Available data

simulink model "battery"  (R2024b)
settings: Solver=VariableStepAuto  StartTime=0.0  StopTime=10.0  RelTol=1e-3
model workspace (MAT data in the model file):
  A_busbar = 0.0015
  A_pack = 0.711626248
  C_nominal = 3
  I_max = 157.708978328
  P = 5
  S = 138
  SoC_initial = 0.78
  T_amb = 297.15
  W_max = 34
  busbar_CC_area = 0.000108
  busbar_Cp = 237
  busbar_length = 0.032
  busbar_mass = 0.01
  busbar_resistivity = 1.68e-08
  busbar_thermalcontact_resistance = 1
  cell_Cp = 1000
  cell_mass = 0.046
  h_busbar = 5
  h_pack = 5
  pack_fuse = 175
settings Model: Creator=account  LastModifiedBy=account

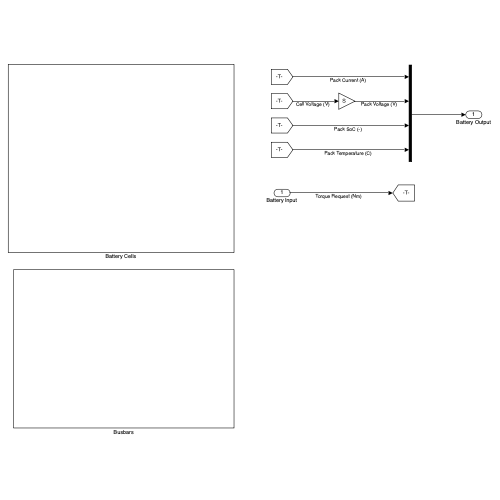
[thumbnail: Simulink's stored preview of the top-level diagram]
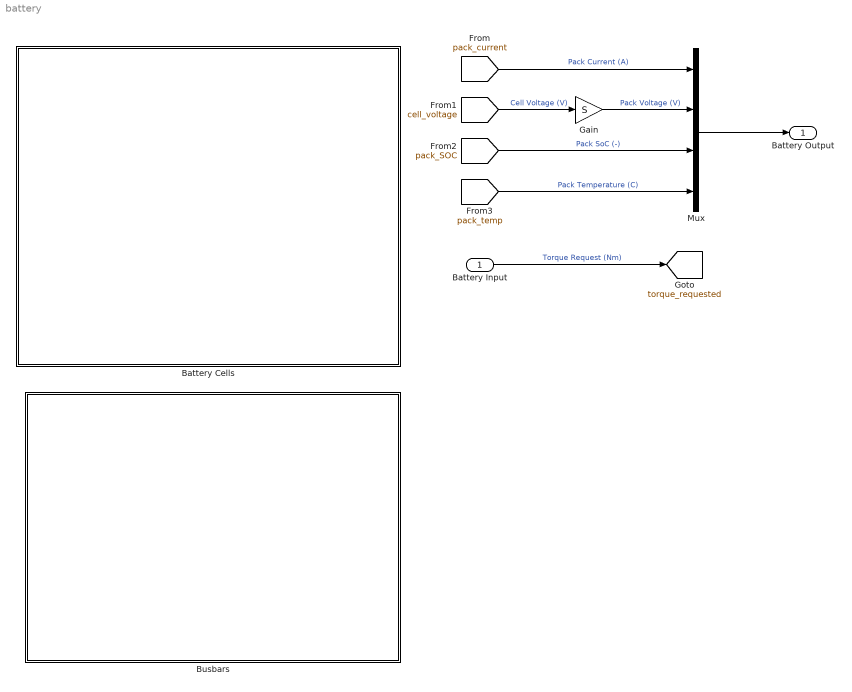
== system battery ==
  Battery Input : Inport
  Battery Cells : Subsystem
  Busbars : Subsystem
  Gain : Gain  Gain=S
  Mux : Mux
  Battery Output : Outport
  tag scope: torque_requested=global
  wires:
  [pack_SOC] -> Mux/3  "Pack SoC (-)"
  [pack_current] -> Mux/1  "Pack Current (A)"
  Gain/1 -> Mux/2  "Pack Voltage (V)"
  [pack_temp] -> Mux/4  "Pack Temperature (C)"
  [cell_voltage] -> Gain/1  "Cell Voltage (V)"
  Battery Input/1 -> [torque_requested]  "Torque Request (Nm)"
  Mux/1 -> Battery Output/1

== system battery/Battery Cells ==
  Battery Heat : Subsystem
      settings: PortSchema="{\"entries\":[{\"content\":{\"sides\":[{\"content\":{\"connectorIds\":[\"In1\",\"Out1\",\"In2\",\"In3\"]},\"type\":\"ConnectorPlacement.EquallySpacedRectSide\",\"uuid\":\"0f7c0562-63f7-413a-9c65-7d5d0f23ac53\"},{\"content\":{\"side\":\"RIGHT\"},\"type\":\"ConnectorPlacement.EquallySpacedRectSide\",\"uuid\":\"6856fc4a-e601-47fb-aafe-3183d6398fa2\"},{\"content\":{\"side\":\"TOP\"},\"type\":\"ConnectorPlacement.EquallySpacedRectSide\",\"uuid\":\"93500152-ab0c-4e86-a765-8796b82b9cd6\"}]},\"type\":\"ConnectorPlacement.EquallySpacedConnector\",\"uuid\":\"8bef09a8-0835-4033-ba4e-3f5f6277d0ac\"}],\"packageUris\":[\"http://schema.mathworks.com/mf0/Connector/R2020b\"],\"version\":\"1.0\"}"
  Battery Heat Generation : Subsystem
  Busbar - Segment Heat Flow : Subsystem
      settings: PortSchema="{\"entries\":[{\"content\":{\"sides\":[{\"content\":{},\"type\":\"ConnectorPlacement.EquallySpacedRectSide\",\"uuid\":\"839c7b7c-3d90-4543-803d-828e2cd8ee3e\"},{\"content\":{\"connectorIds\":[\"In1\",\"Out1\"],\"side\":\"RIGHT\"},\"type\":\"ConnectorPlacement.EquallySpacedRectSide\",\"uuid\":\"e3492608-3f40-473c-8392-0c925b682872\"},{\"content\":{\"side\":\"TOP\"},\"type\":\"ConnectorPlacement.EquallySpacedRectSide\",\"uuid\":\"8e15337c-e61d-491c-b508-620217c9bb60\"}]},\"type\":\"ConnectorPlacement.EquallySpacedConnector\",\"uuid\":\"03d3ec16-7a24-4203-9805-446eb586226e\"}],\"packageUris\":[\"http://schema.mathworks.com/mf0/Connector/R2020b\"],\"version\":\"1.0\"}"
  Heat Loss : Subsystem
      settings: PortSchema="{\"entries\":[{\"content\":{\"sides\":[{\"content\":{},\"type\":\"ConnectorPlacement.EquallySpacedRectSide\",\"uuid\":\"cd11f8f0-ebc0-4dda-8c98-00f5919de41a\"},{\"content\":{\"connectorIds\":[\"In1\",\"Out1\"],\"side\":\"RIGHT\"},\"type\":\"ConnectorPlacement.EquallySpacedRectSide\",\"uuid\":\"2a68a9a1-bd97-4a17-8a8b-1aa98e9bd9a8\"},{\"content\":{\"side\":\"TOP\"},\"type\":\"ConnectorPlacement.EquallySpacedRectSide\",\"uuid\":\"debcc510-941b-4448-a371-f67c84c59f32\"}]},\"type\":\"ConnectorPlacement.EquallySpacedConnector\",\"uuid\":\"91559e46-754b-48b4-ac3e-ab135f9add0a\"}],\"packageUris\":[\"http://schema.mathworks.com/mf0/Connector/R2020b\"],\"version\":\"1.0\"}"
  wires:
  Battery Heat/1(Pack Temp (K)) -> Busbar - Segment Heat Flow/1(Segment Temp (K)), Heat Loss/1(Pack Temp (K))
  Battery Heat Generation/1(Battery Heat Generation Rate) -> Battery Heat/1(Battery Heat Generation)
  Heat Loss/1(Pack Heat Loss Rate) -> Battery Heat/2(Battery Heat Loss)
  Busbar - Segment Heat Flow/1(Busbar - Segment Heat Flow (W)) -> Battery Heat/3(Busbar - Segment Heat Flow (W))

== system battery/Busbars ==
  Ambient Heat Loss : Subsystem
      settings: PortSchema="{\"entries\":[{\"content\":{\"sides\":[{\"content\":{},\"type\":\"ConnectorPlacement.EquallySpacedRectSide\",\"uuid\":\"cd11f8f0-ebc0-4dda-8c98-00f5919de41a\"},{\"content\":{\"connectorIds\":[\"In1\",\"Out1\"],\"side\":\"RIGHT\"},\"type\":\"ConnectorPlacement.EquallySpacedRectSide\",\"uuid\":\"2a68a9a1-bd97-4a17-8a8b-1aa98e9bd9a8\"},{\"content\":{\"side\":\"TOP\"},\"type\":\"ConnectorPlacement.EquallySpacedRectSide\",\"uuid\":\"debcc510-941b-4448-a371-f67c84c59f32\"}]},\"type\":\"ConnectorPlacement.EquallySpacedConnector\",\"uuid\":\"91559e46-754b-48b4-ac3e-ab135f9add0a\"}],\"packageUris\":[\"http://schema.mathworks.com/mf0/Connector/R2020b\"],\"version\":\"1.0\"}"
  Busbar - Segment Heat Flow : Subsystem
      settings: PortSchema="{\"entries\":[{\"content\":{\"sides\":[{\"content\":{},\"type\":\"ConnectorPlacement.EquallySpacedRectSide\",\"uuid\":\"839c7b7c-3d90-4543-803d-828e2cd8ee3e\"},{\"content\":{\"connectorIds\":[\"In1\",\"Out1\"],\"side\":\"RIGHT\"},\"type\":\"ConnectorPlacement.EquallySpacedRectSide\",\"uuid\":\"e3492608-3f40-473c-8392-0c925b682872\"},{\"content\":{\"side\":\"TOP\"},\"type\":\"ConnectorPlacement.EquallySpacedRectSide\",\"uuid\":\"8e15337c-e61d-491c-b508-620217c9bb60\"}]},\"type\":\"ConnectorPlacement.EquallySpacedConnector\",\"uuid\":\"03d3ec16-7a24-4203-9805-446eb586226e\"}],\"packageUris\":[\"http://schema.mathworks.com/mf0/Connector/R2020b\"],\"version\":\"1.0\"}"
  Busbar Heat : Subsystem
      settings: PortSchema="{\"entries\":[{\"content\":{\"sides\":[{\"content\":{\"connectorIds\":[\"In1\",\"Out1\",\"In2\",\"In3\"]},\"type\":\"ConnectorPlacement.EquallySpacedRectSide\",\"uuid\":\"0f7c0562-63f7-413a-9c65-7d5d0f23ac53\"},{\"content\":{\"side\":\"RIGHT\"},\"type\":\"ConnectorPlacement.EquallySpacedRectSide\",\"uuid\":\"6856fc4a-e601-47fb-aafe-3183d6398fa2\"},{\"content\":{\"side\":\"TOP\"},\"type\":\"ConnectorPlacement.EquallySpacedRectSide\",\"uuid\":\"93500152-ab0c-4e86-a765-8796b82b9cd6\"}]},\"type\":\"ConnectorPlacement.EquallySpacedConnector\",\"uuid\":\"8bef09a8-0835-4033-ba4e-3f5f6277d0ac\"}],\"packageUris\":[\"http://schema.mathworks.com/mf0/Connector/R2020b\"],\"version\":\"1.0\"}"
  Resistance Heat Generation : Subsystem
  wires:
  Busbar Heat/1(Busbar Temp (K)) -> Busbar - Segment Heat Flow/1(Busbar Temp (K)), Ambient Heat Loss/1(Busbar Temp (K))
  Resistance Heat Generation/1(Busbar Heat Generation Rate) -> Busbar Heat/1(Busbar Heat Generation)
  Ambient Heat Loss/1(Busbar Heat Loss Rate) -> Busbar Heat/2(Busbar Heat Loss)
  Busbar - Segment Heat Flow/1(Busbar - Segment Heat Flow (W)) -> Busbar Heat/3(Busbar - Segment Heat Flow (W))

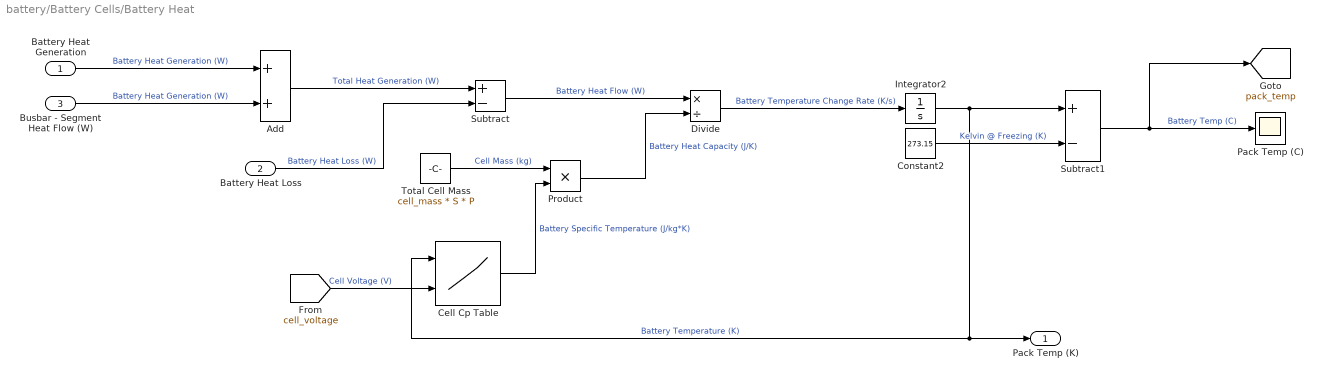
== system battery/Battery Cells/Battery Heat ==
  Battery Heat Generation : Inport
  Battery Heat Loss : Inport  Port=2
  Busbar - Segment Heat Flow (W) : Inport  Port=3
  Add : Sum
  Cell Cp Table : Lookup_n-D  BreakpointsForDimension1=[296.0488;303.3425;312.147;321.5769;330.6423]  BreakpointsForDimension2=[0 0.5 1]  Table=[811.0868 819.6535 830.8545;814.1373 822.704 834.6964;817.9826 826.8129 838.6737000000001;822.2249 831.0552 843.4446;826.7299 835.8239 848.3459]  InterpMethod=Cubic spline  InternalRulePriority=Speed  RndMeth=Simplest
      settings: InputPortMap=u0,u1
  Constant2 : Constant  Value=273.15
  Divide : Product  Inputs=*/
  Integrator2 : Integrator  InitialCondition=T_amb
  Pack Temp (C) : Scope
  Product : Product
  Subtract : Sum  Inputs=+-
  Subtract1 : Sum  Inputs=+-
  Total Cell Mass : Constant  Value=cell_mass * S * P
  Pack Temp (K) : Outport
  tag scope: pack_temp=global
  wires:
  Cell Cp Table/1 -> Product/2  "Battery Specific Temperature (J/kg*K)"
  Constant2/1 -> Subtract1/2  "Kelvin @ Freezing (K)"
  Divide/1 -> Integrator2/1  "Battery Temperature Change Rate (K/s)"
  Subtract/1 -> Divide/1  "Battery Heat Flow (W)"
  Integrator2/1 -> Cell Cp Table/1, Pack Temp (K)/1, Subtract1/1  "Battery Temperature (K)"
  Subtract1/1 -> [pack_temp], Pack Temp (C)/1  "Battery Temp (C)"
  Total Cell Mass/1 -> Product/1  "Cell Mass (kg)"
  Product/1 -> Divide/2  "Battery Heat Capacity (J/K)"
  Battery Heat Loss/1 -> Subtract/2  "Battery Heat Loss (W)"
  Battery Heat Generation/1 -> Add/1  "Battery Heat Generation (W)"
  Busbar - Segment Heat Flow (W)/1 -> Add/2  "Battery Heat Generation (W)"
  Add/1 -> Subtract/1  "Total Heat Generation (W)"
  [cell_voltage] -> Cell Cp Table/2  "Cell Voltage (V)"

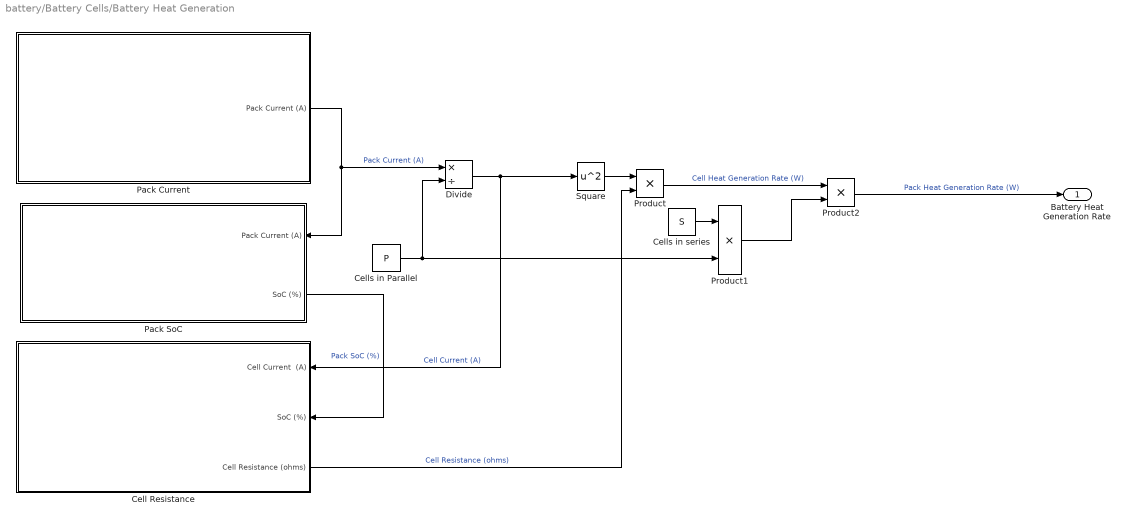
== system battery/Battery Cells/Battery Heat Generation ==
  Cell Resistance : Subsystem
      settings: PortSchema="{\"entries\":[{\"content\":{\"sides\":[{\"content\":{},\"type\":\"ConnectorPlacement.EquallySpacedRectSide\",\"uuid\":\"1c6ff2a8-2c86-4b92-aa7d-5717a02d6f28\"},{\"content\":{\"connectorIds\":[\"In1\",\"In2\",\"Out1\"],\"side\":\"RIGHT\"},\"type\":\"ConnectorPlacement.EquallySpacedRectSide\",\"uuid\":\"52a4cb2c-e1db-459d-bd0a-206cc3bba6d1\"},{\"content\":{\"side\":\"TOP\"},\"type\":\"ConnectorPlacement.EquallySpacedRectSide\",\"uuid\":\"751bbbd6-abc7-4265-8d68-4aa70d69379f\"}]},\"type\":\"ConnectorPlacement.EquallySpacedConnector\",\"uuid\":\"b8f9630f-0167-4478-8d98-637e13782dcd\"}],\"packageUris\":[\"http://schema.mathworks.com/mf0/Connector/R2020b\"],\"version\":\"1.0\"}"
      mask Display: image('resistor.png');
  Cells in Parallel : Constant  Value=P
  Cells in series : Constant  Value=S
  Divide : Product  Inputs=*/
  Pack Current : Subsystem
      mask Display: image('current.png');
  Pack SoC : Subsystem
      settings: PortSchema="{\"entries\":[{\"content\":{\"sides\":[{\"content\":{},\"type\":\"ConnectorPlacement.EquallySpacedRectSide\",\"uuid\":\"1c6ff2a8-2c86-4b92-aa7d-5717a02d6f28\"},{\"content\":{\"connectorIds\":[\"In1\",\"Out1\"],\"side\":\"RIGHT\"},\"type\":\"ConnectorPlacement.EquallySpacedRectSide\",\"uuid\":\"52a4cb2c-e1db-459d-bd0a-206cc3bba6d1\"},{\"content\":{\"side\":\"TOP\"},\"type\":\"ConnectorPlacement.EquallySpacedRectSide\",\"uuid\":\"751bbbd6-abc7-4265-8d68-4aa70d69379f\"}]},\"type\":\"ConnectorPlacement.EquallySpacedConnector\",\"uuid\":\"b8f9630f-0167-4478-8d98-637e13782dcd\"}],\"packageUris\":[\"http://schema.mathworks.com/mf0/Connector/R2020b\"],\"version\":\"1.0\"}"
      mask Display: image('SoC.jpg');
  Product : Product
  Product1 : Product
  Product2 : Product
  Square : Math  Operator=square
  Battery Heat Generation Rate : Outport
  wires:
  Cells in series/1 -> Product1/1
  Divide/1 -> Cell Resistance/1(Cell Current  (A)), Square/1  "Cell Current (A)"
  Cell Resistance/1(Cell Resistance (ohms)) -> Product/2  "Cell Resistance (ohms)"
  Square/1 -> Product/1
  Cells in Parallel/1 -> Divide/2, Product1/2
  Product1/1 -> Product2/2
  Product/1 -> Product2/1  "Cell Heat Generation Rate (W)"
  Product2/1 -> Battery Heat Generation Rate/1  "Pack Heat Generation Rate (W)"
  Pack SoC/1(SoC (%)) -> Cell Resistance/2(SoC (%))  "Pack SoC (%)"
  Pack Current/1(Pack Current (A)) -> Divide/1, Pack SoC/1(Pack Current (A))  "Pack Current (A)"

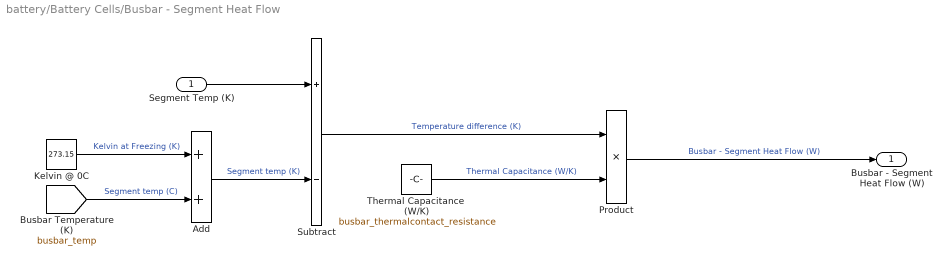
== system battery/Battery Cells/Busbar - Segment Heat Flow ==
  Segment Temp (K) : Inport
  Add : Sum
  Kelvin @ 0C : Constant  Value=273.15
  Product : Product
  Subtract : Sum  Inputs=+-
  Thermal Capacitance  (W/K) : Constant  Value=busbar_thermalcontact_resistance
  Busbar - Segment Heat Flow (W) : Outport
  wires:
  Subtract/1 -> Product/1  "Temperature difference (K)"
  Thermal Capacitance  (W/K)/1 -> Product/2  "Thermal Capacitance (W/K)"
  Product/1 -> Busbar - Segment Heat Flow (W)/1  "Busbar - Segment Heat Flow (W)"
  [busbar_temp] -> Add/2  "Segment temp (C)"
  Kelvin @ 0C/1 -> Add/1  "Kelvin at Freezing (K)"
  Segment Temp (K)/1 -> Subtract/1
  Add/1 -> Subtract/2  "Segment temp (K)"

== system battery/Battery Cells/Heat Loss ==
  Pack Temp (K) : Inport
  Ambient Temp (K) : Constant  Value=T_amb
  Pack Convective Heat Transfer Coefficient (W/m^2*K) : Constant  Value=h_pack
  Pack Surface Area (m^2) : Gain  Gain=A_pack
  Product : Product
  Subtract : Sum  Inputs=+-
  Pack Heat Loss Rate : Outport
  tag scope: pack_heatloss=global
  wires:
  Pack Convective Heat Transfer Coefficient (W/m^2*K)/1 -> Pack Surface Area (m^2)/1  "Pack Convective Heat Transfer Coefficient (W/m^2*K)"
  Subtract/1 -> Product/2  "Temperature Difference (K)"
  Pack Surface Area (m^2)/1 -> Product/1  "Heat Transfer Capacitance (W/K)"
  Product/1 -> [pack_heatloss], Pack Heat Loss Rate/1  "Pack Heat Loss Rate (W)"
  Pack Temp (K)/1 -> Subtract/1  "Pack Temp (K)"
  Ambient Temp (K)/1 -> Subtract/2  "Ambient Temp (K)"

== system battery/Busbars/Ambient Heat Loss ==
  Busbar Temp (K) : Inport
  Ambient temp (K) : Constant  Value=T_amb
  H busbar : Constant  Value=h_busbar
  Product : Product
  Subtract : Sum  Inputs=+-
  busbar area : Gain  Gain=A_busbar
  Busbar Heat Loss Rate : Outport
  tag scope: busbar_heatloss=global
  wires:
  H busbar/1 -> busbar area/1
  Subtract/1 -> Product/2
  busbar area/1 -> Product/1
  Product/1 -> [busbar_heatloss], Busbar Heat Loss Rate/1
  Busbar Temp (K)/1 -> Subtract/1
  Ambient temp (K)/1 -> Subtract/2

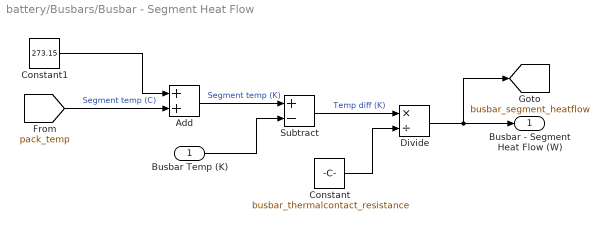
== system battery/Busbars/Busbar - Segment Heat Flow ==
  Busbar Temp (K) : Inport
  Add : Sum
  Constant : Constant  Value=busbar_thermalcontact_resistance
  Constant1 : Constant  Value=273.15
  Divide : Product  Inputs=*/
  Subtract : Sum  Inputs=+-
  Busbar - Segment Heat Flow (W) : Outport
  tag scope: busbar_segment_heatflow=global
  wires:
  Busbar Temp (K)/1 -> Subtract/2
  Subtract/1 -> Divide/1  "Temp diff (K)"
  Constant/1 -> Divide/2
  Divide/1 -> [busbar_segment_heatflow], Busbar - Segment Heat Flow (W)/1
  [pack_temp] -> Add/2  "Segment temp (C)"
  Constant1/1 -> Add/1
  Add/1 -> Subtract/1  "Segment temp (K)"

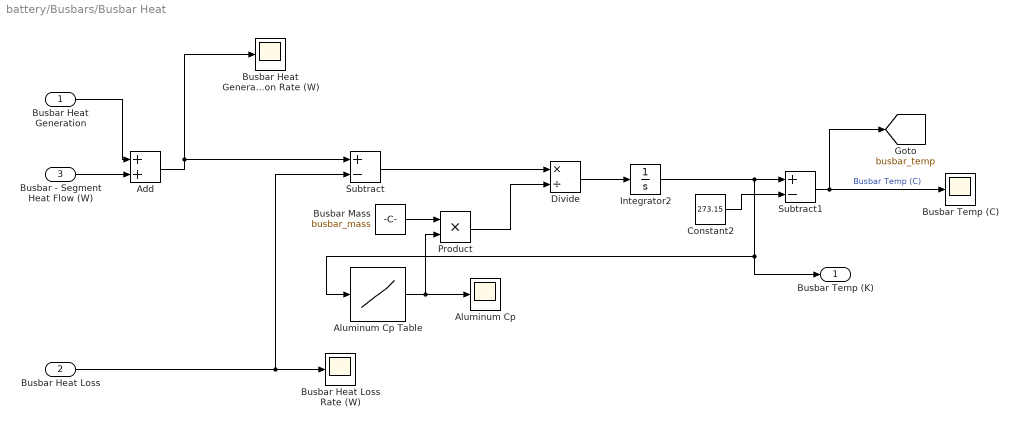
== system battery/Busbars/Busbar Heat ==
  Busbar Heat Generation : Inport
  Busbar Heat Loss : Inport  Port=2
  Busbar - Segment Heat Flow (W) : Inport  Port=3
  Add : Sum
  Aluminum Cp : Scope
  Aluminum Cp Table : Lookup_n-D  NumberOfTableDimensions=1  BreakpointsForDimension1=[298;300;400;500;600;700;800;900]  Table=[380.7;381.6;405.6;422.3;438.8;457.9;480.9;508.3]  InterpMethod=Cubic spline  InternalRulePriority=Speed  RndMeth=Simplest
  Busbar Heat Generation Rate (W) : Scope
  Busbar Heat Loss Rate (W) : Scope
  Busbar Mass : Constant  Value=busbar_mass
  Busbar Temp (C) : Scope
  Constant2 : Constant  Value=273.15
  Divide : Product  Inputs=*/
  Integrator2 : Integrator  InitialCondition=T_amb
  Product : Product
  Subtract : Sum  Inputs=+-
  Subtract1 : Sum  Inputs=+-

Your task
When copying from the data above, print only the lines from the line containing "cell_Cp = 1000" to the line containing "Busbars : Subsystem", exactly, and leave the pictures out.

Response to this task
  cell_Cp = 1000
  cell_mass = 0.046
  h_busbar = 5
  h_pack = 5
  pack_fuse = 175
settings Model: Creator=account  LastModifiedBy=account

[thumbnail: Simulink's stored preview of the top-level diagram]
== system battery ==
  Battery Input : Inport
  Battery Cells : Subsystem
  Busbars : Subsystem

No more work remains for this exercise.